Tuesday, November 10, 2009

TT blog comments on laramieblog

During their time in Laramie, some of the TT cast posted a few blog entries on blogspot.  You can read them (there's only eleven) online on the Blogstpot community.  They're an interesting little tidbit of information about their time in Laramie in 2008.  

http://laramieblog.blogspot.com/

Monday, November 9, 2009

Blogspot community blogger talks about TLP

Okay, so one thing I would like to do with this blog is collect together personal experiences people have had with TLP into one location so we can get a good range of how different people have had different relationships to the play.  This is pretty old, but Eric Matthew of the Blogspot community wrote about his personal experiences with TLP awhile back.  See what you think of his discussion of the play!  He also has some links to sources on the new addition as well.  The link is below if you need it. 

http://ericmathew.blogspot.com/2008/09/laramie-project-10-years-later.html

Saturday, November 7, 2009

Tiffany Edwards-Hunt talks of watching "10 Years Later"

One of the original interviewees for TLP, Tiffany Edwards-Hunt, has written a reaction to her experience watching The Laramie Project: 10 Years Later when it was performed in Hilo, Hawaii. She has a great take on the performance, and she discusses both her own reaction to its revelations and her own connections to the community. You can read her commentary at Big Island Chronicle, her news and commentary blog for Hilo.
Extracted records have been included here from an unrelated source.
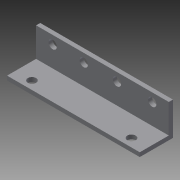
# Autodesk Inventor part: Connection to frame
Saved by Autodesk Inventor 2014 SP1 (Build 180222100, 222)
## iProperties
Created: 2014-01-16
Part Number: Connection to frame
Material: Generic
Document SubType Name: Modeling
Designer: JU BRIAN
Density: 1 g/cm^3
Appearance: Default
Author: JU BRIAN
Autodesk Inventor part; units mm, degrees
ref_plane "YZ Plane" through (0, 0, 0) normal (1, 0, 0) x (0, 1, 0)
ref_plane "XZ Plane" through (0, 0, 0) normal (0, 1, 0) x (-1, 0, 0)
ref_plane "XY Plane" through (0, 0, 0) normal (0, 0, 1) x (1, 0, 0)
sketch "Sketch1" plane through (0, 0, 0) normal (0, 1, 0) x (-1, 0, 0)
  line L0 (-13.6552, 6.526) -> (87.9448, 6.526)
  line L1 (87.9448, 6.526) -> (87.9448, -18.874)
  line L2 (87.9448, -18.874) -> (-13.6552, -18.874)
  line L3 (-13.6552, -18.874) -> (-13.6552, 6.526)
  dimension "d0" = 101.6
  dimension "d1" = 25.4
  constraints: 8 end point, 2 parallel, 1 horizontal, 1 perpendicular
  measures "d0" distance of L1.end L2.end
  measures "d1" distance of L0.end L1.end
extrude "Extrusion1" add sketch "Sketch1" along normal blind 3.175
sketch "Sketch2" plane through (0, 3.175, 0) normal (0, 1, 0) x (1, 0, 0)
  line L0 (-87.9448, 18.874) -> (13.6552, 18.874)
  line L1 (13.6552, 18.874) -> (13.6552, 15.699)
  line L2 (13.6552, 15.699) -> (-87.9448, 15.699)
  line L3 (-87.9448, 15.699) -> (-87.9448, 18.874)
  dimension "d4" = 101.6
  dimension "d5" = 3.175
  constraints: 8 end point, 2 parallel, 1 horizontal, 1 perpendicular
  measures "d4" distance of L1.end L2.end
  measures "d5" distance of L0.end L1.end
extrude "Extrusion2" add sketch "Sketch2" along normal blind 22.225
sketch "Sketch3" plane through (0, 3.175, 0) normal (0, 1, 0) x (1, 0, 0)
  line L0 (-87.9448, 15.699) -> (-87.9448, -6.526) projected
  line L1 (-87.9448, -6.526) -> (13.6552, -6.526) projected
  line L2 (13.6552, -6.526) -> (13.6552, 15.699) projected
  point P0 (-75.2448, -0.176)
  point P1 (0.9552, -0.176)
  dimension "d8" = 12.7
  dimension "d9" = 12.7
  dimension "d10" = 6.35
  constraints: 1 horizontal alignment
  measures "d8" distance from line of L2 point (0.955, -0.176)
  measures "d9" distance from line of L0 point (-75.245, -0.176)
  measures "d10" distance from line of L1 point (-75.245, -0.176)
hole "Hole1" at (-75.2448, 3.175, 0.176) at (0.9552, 3.175, 0.176) direction (0, -1, 0) diameter 6.35 end through all
sketch "Sketch4" plane through (-87.9448, 3.175, -15.699) normal (0, 0, 1) x (1, 0, 0)
  line L0 (0, 22.225) -> (101.6, 22.225) projected
  line L1 (101.6, 0) -> (101.6, 22.225) projected
  line L2 (0, 0) -> (0, 22.225) projected
  point P0 (12.7, 15.875)
  point P1 (88.9, 15.875)
  point P2 (61.9125, 15.875)
  point P3 (36.5125, 15.875)
  dimension "d18" = 6.35
  dimension "d26" = 39.6875
  dimension "d27" = 36.5125
  constraints: 1 horizontal alignment
  measures "d18" distance from line of L0 point (12.7, 15.875)
  measures "d26" distance from line of point (61.913, 15.875) L1
  measures "d27" distance from line of L2 point (36.513, 15.875)
hole "Hole2" at (-75.2448, 19.05, -15.699) at (0.9552, 19.05, -15.699) at (-51.4323, 19.05, -15.699) at (-26.0323, 19.05, -15.699) direction (0, 0, -1) diameter 6.35 end through all
body "Solid1"
Autodesk Inventor part; units mm, degrees
note: some values were not read from the file. Chosen so that the rebuilt part matches the saved one: direction of "Hole2".
(part 18 of 20)
  ellipse E641 centre (8.105457, -1.905648) end of major axis (8.046544, -1.401076) minor radius 0.000049 (8.046544, -1.401076) -> (8.078209, -1.672645) ccw
  line L861 (7.588206, -0.94314) -> (7.98763, -0.896503)
  line L862 (8.837388, -8.177544) -> (8.078209, -1.672645)
  line L863 (8.05096, -1.439642) -> (8.81014, -7.944541)
  line L864 (8.981303, -0.780694) -> (7.987731, -0.896542)
  line L865 (8.046645, -1.401115) -> (7.987731, -0.896542)
  line L866 (8.046645, -1.401115) -> (9.040217, -1.285266)
  line L867 (9.040217, -1.285266) -> (8.981303, -0.780694)
  line L868 (8.981373, -0.780721) -> (8.981303, -0.780694)
  line L869 (7.987731, -0.896542) -> (7.98763, -0.896503)
  line L870 (8.046544, -1.401076) -> (8.046645, -1.401115)
  line L871 (-7.593552, -4.618887) -> (-7.774689, -6.528342)
  line L872 (-7.593589, -4.618889) -> (-7.662654, -5.34695)
  ellipse E642 centre (-7.593625, -4.618891) end of major axis (-7.6416, -5.124621) minor radius 0.000036 (-7.593588, -4.618887) -> (-7.57144, -4.385367) ccw
  ellipse E643 centre (-7.593625, -4.618891) end of major axis (-7.689575, -5.63035) minor radius 0.000072 (-7.593552, -4.618882) -> (-7.549255, -4.151843) ccw
  ellipse E644 centre (-6.975368, 1.901046) end of major axis (-6.879418, 2.912506) minor radius 0.000072 (-6.930999, 2.36809) -> (-6.879418, 2.912506) ccw
  ellipse E645 centre (-6.975368, 1.901046) end of major axis (-6.927393, 2.406776) minor radius 0.000036 (-6.953183, 2.134568) -> (-6.927393, 2.406776) ccw
  line L873 (-6.879418, 2.912506) -> (-4.599252, 2.696203)
  line L874 (-7.57144, -4.385369) -> (-6.953183, 2.134568)
  line L875 (-7.549256, -4.151847) -> (-6.930999, 2.36809)
  line L876 (-6.87949, 2.912501) -> (-7.875247, 3.006926)
  line L877 (-7.923221, 2.501197) -> (-7.875247, 3.006926)
  line L878 (-7.923221, 2.501197) -> (-6.927464, 2.406772)
  line L879 (-6.87949, 2.912501) -> (-6.927464, 2.406772)
  line L880 (-7.875247, 3.006926) -> (-7.875359, 3.006919)
  line L881 (-6.927464, 2.406772) -> (-6.927393, 2.406776)
  line L882 (-6.879418, 2.912506) -> (-6.87949, 2.912501)
  line L883 (-3.994803, -3.77755) -> (-3.994871, -4.67207)
  line L884 (4.005197, -3.778158) -> (4.005129, -4.672679)
  line L885 (-3.994803, -3.77755) -> (-3.994768, -3.321333)
  line L886 (4.005197, -3.778158) -> (4.005231, -3.321941)
  line L887 (4.005703, 2.876499) -> (4.005738, 3.340448)
  line L888 (-3.994262, 3.341056) -> (-3.994297, 2.877107)
  line L889 (-3.994262, 3.341056) -> (4.005738, 3.340448)
  line L890 (-3.994768, -3.321333) -> (-3.994297, 2.877107)
  line L891 (4.005703, 2.876499) -> (4.005231, -3.321941)
  line L892 (5.005708, 2.94345) -> (4.005731, 3.241593)
  line L893 (4.005692, 2.735858) -> (4.482473, 2.593706)
  line L894 (5.005692, 2.732918) -> (5.005708, 2.94345)
  line L895 (-3.994269, 3.242201) -> (-4.994292, 2.94421)
  line L896 (-4.994308, 2.733679) -> (-4.994292, 2.94421)
  line L897 (-4.47111, 2.594387) -> (-3.994308, 2.736466)
  line L898 (7.672809, -5.348116) -> (7.603854, -4.620045)
  line L899 (7.603818, -4.620042) -> (7.784664, -6.529525)
  ellipse E646 centre (7.603891, -4.620047) end of major axis (7.555992, -4.11431) minor radius 0.000036 (7.581741, -4.386522) -> (7.603854, -4.620045) ccw
  ellipse E647 centre (7.603891, -4.620047) end of major axis (7.699687, -5.631521) minor radius 0.000072 (7.559592, -4.152992) -> (7.603817, -4.620038) ccw
  ellipse E648 centre (6.986625, 1.899985) end of major axis (6.890829, 2.911458) minor radius 0.000072 (6.890829, 2.911458) -> (6.942327, 2.367035) ccw
  ellipse E649 centre (6.986625, 1.899985) end of major axis (6.938727, 2.405721) minor radius 0.000036 (6.938727, 2.405721) -> (6.964476, 2.13351) ccw
  line L900 (4.610631, 2.695502) -> (6.890829, 2.911458)
  line L901 (7.581741, -4.386522) -> (6.964476, 2.13351)
  line L902 (6.942327, 2.367035) -> (7.559592, -4.152996)
  line L903 (7.886672, 3.005727) -> (6.890901, 2.911454)
  line L904 (6.938799, 2.405717) -> (6.890901, 2.911454)
  line L905 (6.938799, 2.405717) -> (7.93457, 2.499991)
  line L906 (7.93457, 2.499991) -> (7.886672, 3.005727)
  line L907 (7.886784, 3.00572) -> (7.886672, 3.005727)
  line L908 (6.890901, 2.911454) -> (6.890829, 2.911458)
  line L909 (6.938727, 2.405721) -> (6.938799, 2.405717)
  line L910 (-7.776794, -8.27734) -> (-7.755978, -8.078526)
  line L911 (-7.75575, -8.07845) -> (-7.776577, -8.277363)
  line L912 (-7.755978, -8.078526) -> (-7.75575, -8.07845)
  line L913 (-8.025217, -8.25133) -> (-8.025445, -8.251406)
  line L914 (-7.776577, -8.277363) -> (-8.025217, -8.25133)
  line L915 (-6.782013, -8.381497) -> (-6.761187, -8.182584)
  line L916 (-6.533372, -8.40753) -> (-6.782013, -8.381497)
  line L917 (-6.731454, -10.297276) -> (-6.979877, -10.271266)
  line L918 (-6.731226, -10.2972) -> (-6.731454, -10.297276)
  line L919 (-7.000693, -10.47008) -> (-6.979867, -10.271167)
  line L920 (-6.979867, -10.271167) -> (-6.731226, -10.2972)
  line L921 (-7.000922, -10.470155) -> (-7.000693, -10.47008)
  line L922 (-7.000922, -10.470155) -> (-7.265073, -10.442498)
  line L923 (-8.208069, -9.995621) -> (-8.025445, -8.251406)
  line L924 (-7.75575, -8.07845) -> (-6.761187, -8.182584)
  line L925 (-6.533372, -8.40753) -> (-6.731226, -10.2972)
  line L926 (-8.223071, -10.141) -> (-8.025217, -8.25133)
  line L927 (-7.000693, -10.47008) -> (-7.995257, -10.365946)
  line L928 (-8.223071, -10.141) -> (-7.97443, -10.167033)
  line L929 (-7.97443, -10.167033) -> (-7.995257, -10.365946)
  line L930 (-6.80284, -8.580409) -> (-6.95904, -10.072254)
  line L931 (-6.95904, -10.072254) -> (-7.953603, -9.968121)
  line L932 (-7.953603, -9.968121) -> (-7.797403, -8.476276)
  line L933 (-7.797403, -8.476276) -> (-6.80284, -8.580409)
  line L934 (-7.11621, -9.878579) -> (-6.996733, -8.73747)
  line L935 (-6.95904, -10.072254) -> (-7.11621, -9.878579)
  line L936 (-6.80284, -8.580409) -> (-6.996733, -8.73747)
  line L937 (-6.996733, -8.73747) -> (-7.640559, -8.67006)
  line L938 (-7.797403, -8.476276) -> (-7.640559, -8.67006)
  line L939 (-7.640559, -8.67006) -> (-7.760036, -9.811168)
  line L940 (-7.953603, -9.968121) -> (-7.760036, -9.811168)
  line L941 (-7.760036, -9.811168) -> (-7.11621, -9.878579)
  circle A21 centre (-7.35107, -9.013818) radius 0.1
  line L942 (-7.517123, -9.159232) -> (-7.483402, -8.83717)
  line L943 (-7.483435, -8.837181) -> (-7.483402, -8.83717)
  line L944 (-7.517156, -9.159243) -> (-7.483435, -8.837181)
  line L945 (-7.517156, -9.159243) -> (-7.517123, -9.159232)
  line L946 (-7.483402, -8.83717) -> (-7.185033, -8.86841)
  line L947 (-7.185033, -8.86841) -> (-7.218754, -9.190472)
  line L948 (-7.218787, -9.190483) -> (-7.218754, -9.190472)
  line L949 (-7.218754, -9.190472) -> (-7.517123, -9.159232)
  line L950 (-7.218787, -9.190483) -> (-7.517156, -9.159243)
  line L951 (-6.390906, -18.904533) -> (-6.589819, -18.883707)
  line L952 (-6.390678, -18.904457) -> (-6.390906, -18.904533)
  line L953 (-6.589591, -18.883631) -> (-6.390678, -18.904457)
  line L954 (-6.589819, -18.883707) -> (-6.589591, -18.883631)
  line L955 (-6.416939, -19.153174) -> (-6.390906, -18.904533)
  line L956 (-6.416711, -19.153098) -> (-6.416939, -19.153174)
  line L957 (-6.390678, -18.904457) -> (-6.416711, -19.153098)
  line L958 (-6.286762, -17.909871) -> (-6.260739, -17.661329)
  line L959 (-6.485457, -17.889067) -> (-6.485685, -17.889143)
  line L960 (-6.286544, -17.909894) -> (-6.485457, -17.889067)
  line L961 (-6.260511, -17.661253) -> (-6.286544, -17.909894)
  line L962 (-6.260739, -17.661329) -> (-6.260511, -17.661253)
  line L963 (-6.589819, -18.883707) -> (-6.485685, -17.889143)
  line L964 (-4.527269, -19.351028) -> (-6.416939, -19.153174)
  line L965 (-6.589591, -18.883631) -> (-6.485457, -17.889067)
  line L966 (-6.260511, -17.661253) -> (-4.370841, -17.859107)
  line L967 (-4.527041, -19.350952) -> (-6.416711, -19.153098)
  line L968 (-4.197961, -18.128574) -> (-4.302095, -19.123138)
  line L969 (-4.302323, -19.123214) -> (-4.501018, -19.10241)
  line L970 (-4.527041, -19.350952) -> (-4.501008, -19.102311)
  line L971 (-4.501008, -19.102311) -> (-4.302095, -19.123138)
  line L972 (-4.302095, -19.123138) -> (-4.302323, -19.123214)
  line L973 (-4.527269, -19.351028) -> (-4.527041, -19.350952)
  line L974 (-4.197961, -18.128574) -> (-4.396874, -18.107748)
  line L975 (-4.396874, -18.107748) -> (-4.370841, -17.859107)
  line L976 (-6.087632, -17.930721) -> (-4.595787, -18.086921)
  line L977 (-4.595787, -18.086921) -> (-4.69992, -19.081484)
  line L978 (-4.69992, -19.081484) -> (-6.191765, -18.925284)
  line L979 (-6.191765, -18.925284) -> (-6.087632, -17.930721)
  line L980 (-4.78968, -18.243982) -> (-5.930788, -18.124505)
  line L981 (-4.595787, -18.086921) -> (-4.78968, -18.243982)
  line L982 (-6.087632, -17.930721) -> (-5.930788, -18.124505)
  line L983 (-5.930788, -18.124505) -> (-5.998198, -18.768332)
  line L984 (-6.191765, -18.925284) -> (-5.998198, -18.768332)
  line L985 (-5.998198, -18.768332) -> (-4.85709, -18.887809)
  line L986 (-4.69992, -19.081484) -> (-4.85709, -18.887809)
  line L987 (-4.85709, -18.887809) -> (-4.78968, -18.243982)
  circle A22 centre (-5.654386, -18.47887) radius 0.1
  line L988 (-5.508983, -18.644917) -> (-5.831045, -18.611196)
  line L989 (-5.831077, -18.611207) -> (-5.831045, -18.611196)
  line L990 (-5.509015, -18.644928) -> (-5.831077, -18.611207)
  line L991 (-5.509015, -18.644928) -> (-5.508983, -18.644917)
  line L992 (-5.831045, -18.611196) -> (-5.799805, -18.312827)
  line L993 (-5.799837, -18.312838) -> (-5.799805, -18.312827)
  line L994 (-5.831077, -18.611207) -> (-5.799837, -18.312838)
  line L995 (-5.799805, -18.312827) -> (-5.477743, -18.346548)
  line L996 (-5.477743, -18.346548) -> (-5.508983, -18.644917)
  line L997 (-3.430044, -6.945819) -> (-3.430059, -7.144732)
  line L998 (-3.430059, -7.144732) -> (-3.680059, -7.144713)
  line L999 (-2.430059, -7.144809) -> (-2.430044, -6.945895)
  line L1000 (-2.180059, -7.144828) -> (-2.430059, -7.144809)
  line L1001 (-3.430044, -6.945819) -> (-2.430044, -6.945895)
  line L1002 (-2.180059, -7.144828) -> (-2.180193, -8.902773)
  line L1003 (-3.680193, -8.902659) -> (-3.680059, -7.144713)
  line L1004 (-2.430074, -7.343723) -> (-2.430178, -8.704102)
  line L1005 (-3.430178, -8.704026) -> (-3.430074, -7.343646)
  line L1006 (-3.430074, -7.343646) -> (-2.430074, -7.343723)
  line L1007 (-2.430074, -7.343723) -> (-2.590055, -7.597215)
  line L1008 (-3.430074, -7.343646) -> (-3.270133, -7.597163)
  ellipse E650 centre (-2.930117, -7.907177) end of major axis (-2.830117, -7.907184) minor radius 0.099457
  ellipse E651 centre (-2.930118, -7.91238) end of major axis (-2.830118, -7.912388) minor radius 0.099457 (-3.030118, -7.912373) -> (-2.830118, -7.912388) ccw
  line L1009 (-3.030118, -7.912373) -> (-3.030117, -7.907169)
  line L1010 (-2.830118, -7.912388) -> (-2.830117, -7.907184)
  line L1011 (-3.08013, -8.073401) -> (-3.080105, -7.751337)
  line L1012 (-3.080131, -8.083948) -> (-3.08013, -8.073401)
  line L1013 (-3.080105, -7.751337) -> (-2.780105, -7.751359)
  line L1014 (-2.780105, -7.751359) -> (-2.78013, -8.073424)
  line L1015 (-2.780131, -8.083971) -> (-2.78013, -8.073424)
  line L1016 (-2.78013, -8.073424) -> (-3.08013, -8.073401)
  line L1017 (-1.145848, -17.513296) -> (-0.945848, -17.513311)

Also, it's a great community blog. Check it out!

Tuesday, November 3, 2009

A Sense of Place

One of the things that I've been pondering as I thought back on the local performance of "The Laramie Project: Ten Years Later" was how utterly homesick it made me feel—how homesick I still feel. I've been staring aimlessly at my screensaver of pictures from Montana and Wyoming for three weeks now. This seemed strange at first, seeing that I only lived in that community for three years when I was in college. And yet, for me Laramie is my hometown more than any other place I’ve lived so far. My father, you see, was a second-generation oilfield hand, cut with the same geodesically etched face and cracked hands as my grandfather and half of my uncles, and we therefore spent much of my childhood chasing the oil. We started in Cut Bank, in the high arctic plains at the base of the Rockies, and we moved progressively south into Wyoming. Each move took us into another sleepy, suspicious community where nobody liked or trusted people who weren’t born on the same patch of dirt as them. It took until college to find the place where I belonged.

It’s one of the strange blessings of a university: you find yourself in the middle of an entire community of temporary exiles with whom you have nothing in common other than approximate age and loneliness. Laramie took me in and defined who I would eventually become: I found my faith there, while stargazing in a field a little over a mile from where Matt had died, and I was married in Laramie as well— in a tiny building most people only know as “The Baptist Church.” (I've never met "The Baptist Minister," BTW.) So for me, Laramie is my home, and watching the reading on October 12th made me realize just how much loss I still felt from leaving my home behind.